L'IBPT, le régulateur belge des télécoms, a confirmé la direction dans une fiche dédiée : les opérateurs mobiles Orange, Proximus et Telenet/BASE mettront leurs réseaux 2G hors service « en 2028 et 2029 ». Le régulateur précise dans le même mouvement que les dates exactes seront communiquées plus tard, chaque opérateur fixant son propre calendrier.

C'est une nuance importante : à ce stade, un seul des trois a publié une échéance ferme sur son site de support. Les deux autres se sont pour l'instant engagés sur une durée minimale de maintien, ce qui n'est pas la même chose qu'une date d'extinction.

Calendrier de l'extinction de la 2G annoncé par les opérateurs belges
Opérateur Ce qui est publié Statut de l'information
Orange Belgium Réseau 2G actif jusqu'au 31 décembre 2028. Date ferme, publiée sur sa page de support réseau.
Proximus Maintien de la 2G au moins jusqu'à fin 2027, extinction annoncée dans la fenêtre 2028-2029. Engagement de durée, pas encore de date.
Telenet / BASE Support de la 2G au moins jusqu'en 2027, après l'arrêt de la 3G en septembre 2024. Engagement de durée, pas encore de date.

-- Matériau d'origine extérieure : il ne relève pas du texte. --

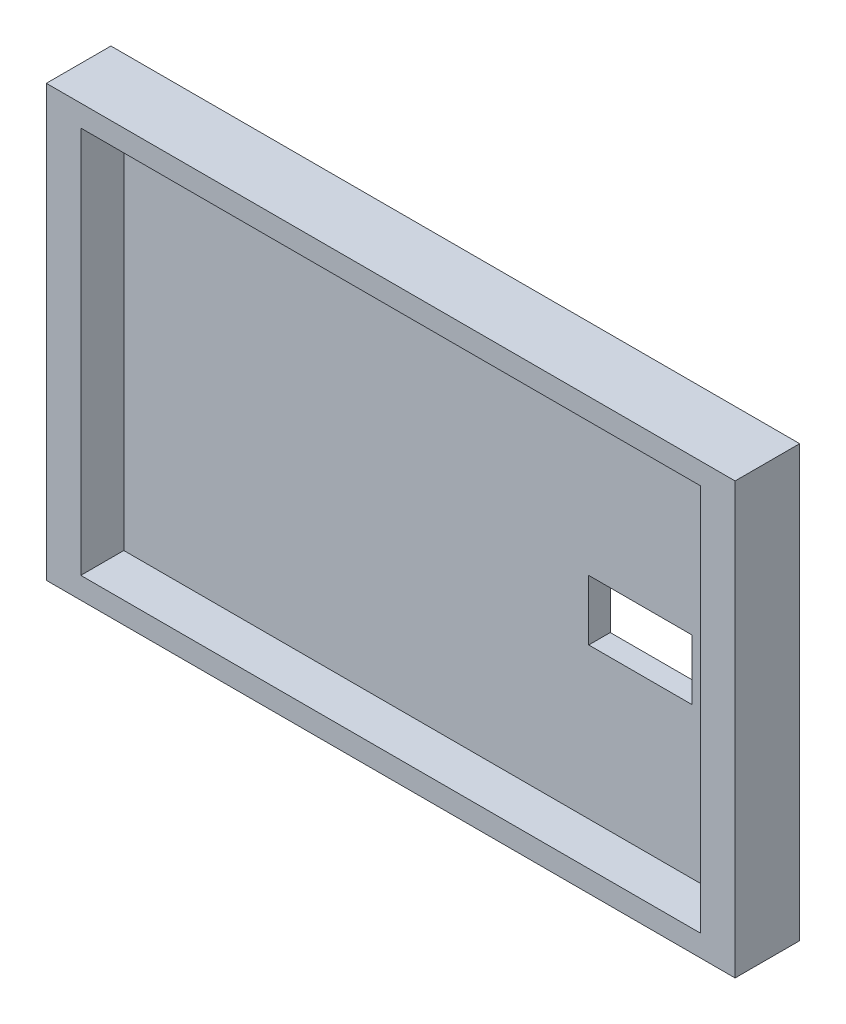
from build123d import *

# Parameters (mm, degrees)
ESQUISSE1_W                = 160
ESQUISSE1_H                = 100
ESQUISSE1_W_2              = 144
ESQUISSE1_H_2              = 90
PROFONDEUR_COUVERCLE_DEPTH = 15
ESQUISSE2_W                = 144
ESQUISSE2_H                = 90
PROFONDEUR_FOND_DEPTH      = 5
ESQUISSE3_W                = 24
ESQUISSE3_H                = 14
ECRAN_HELTEC_DEPTH         = 21


with BuildPart() as part:
    # Esquisse1 → profondeur couvercle (new body)
    with BuildSketch(Plane.XY):
        Rectangle(ESQUISSE1_W, ESQUISSE1_H)
        Rectangle(ESQUISSE1_W_2, ESQUISSE1_H_2, mode=Mode.SUBTRACT)
    extrude(amount=PROFONDEUR_COUVERCLE_DEPTH)

    # Esquisse2 → profondeur fond (add)
    with BuildSketch(Plane.XY):
        Rectangle(ESQUISSE2_W, ESQUISSE2_H)
    extrude(amount=PROFONDEUR_FOND_DEPTH)

    # Esquisse3 → ecran heltec (cut)
    with BuildSketch(Plane.XY):
        with Locations((48, -3)):
            Rectangle(ESQUISSE3_W, ESQUISSE3_H)
    extrude(amount=ECRAN_HELTEC_DEPTH, mode=Mode.SUBTRACT)


solid = part.part
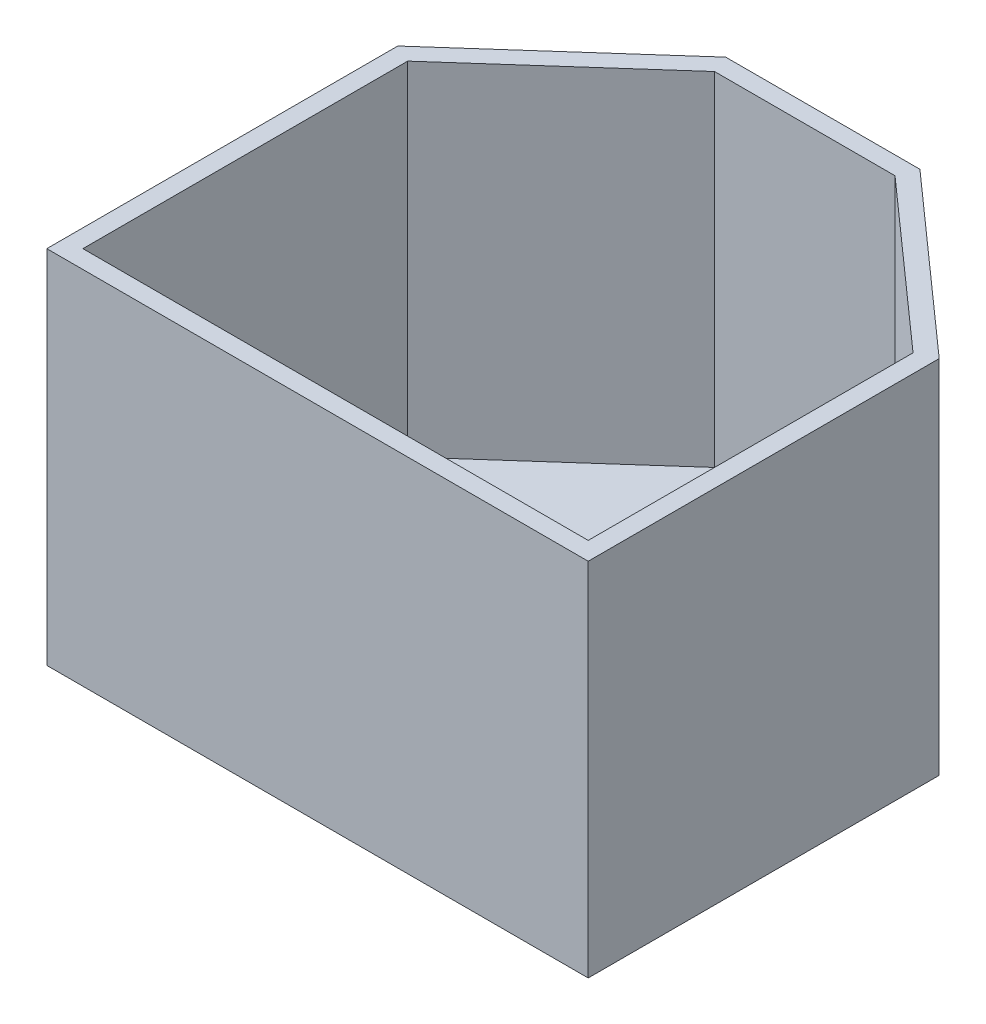
from build123d import *

# Parameters (mm, degrees)
BOSS_EXTRUDE1_DEPTH = 25.4
SHELL1_T            = -2.54


with BuildPart() as part:
    # Sketch2 → Boss-Extrude1 (new, symmetric)
    # profile 1 of 2: a face of its own
    with BuildSketch(Plane(origin=(0, 0, 0), x_dir=(1, 0, 0), z_dir=(0, 1, 0))):
        Polygon((13.665706279, 35.56), (38.1, 13.840627803), (38.1, -35.56), (-38.1, -35.56), (-38.1, 13.840627803), (-13.665706279, 35.56), align=None)
        Polygon((12.7, 33.02), (35.56, 12.7), (35.56, -33.02), (-35.56, -33.02), (-35.56, 12.7), (-12.7, 33.02), align=None, mode=Mode.SUBTRACT)
    # profile 2 of 2: a face of its own
    with BuildSketch(Plane(origin=(0, 0, 0), x_dir=(1, 0, 0), z_dir=(0, 1, 0))):
        Polygon((35.56, 12.7), (35.56, -33.02), (-35.56, -33.02), (-35.56, 12.7), (-12.7, 33.02), (12.7, 33.02), align=None)
    extrude(amount=BOSS_EXTRUDE1_DEPTH, both=True)

    # Shell1
    shell1_openings = [part.faces().sort_by_distance(p)[0] for p in [
        (0, 25.4, 3.07436115),
    ]]
    offset(amount=SHELL1_T, openings=shell1_openings, kind=Kind.INTERSECTION)


solid = part.part

Sources : fiche « Mise hors service des réseaux 2G » de l'IBPT, pages de support d'Orange Belgium, de Proximus et de Telenet/BASE, consultées en août 2026.

Pourquoi la 2G a survécu à la 3G, éteinte depuis 2025

La 3G, plus jeune et plus rapide, a disparu la première : Proximus l'a coupée fin 2024, Orange et Telenet/BASE ont suivi dans le courant de 2025, et plus aucun réseau 3G n'est actif en Belgique depuis l'été 2025. Cet ordre contre-intuitif n'a rien d'un accident industriel.

La 2G a été conçue au début des années 1990 pour deux usages seulement : l'appel vocal et le SMS. Trente ans plus tard, ces deux fonctions restent exactement celles dont a besoin un objet qui doit simplement envoyer une alerte : une alarme, un capteur, un compteur, un bouton d'urgence. Résultat : pendant que les humains basculaient vers la 4G, la 2G est devenue le réseau des machines.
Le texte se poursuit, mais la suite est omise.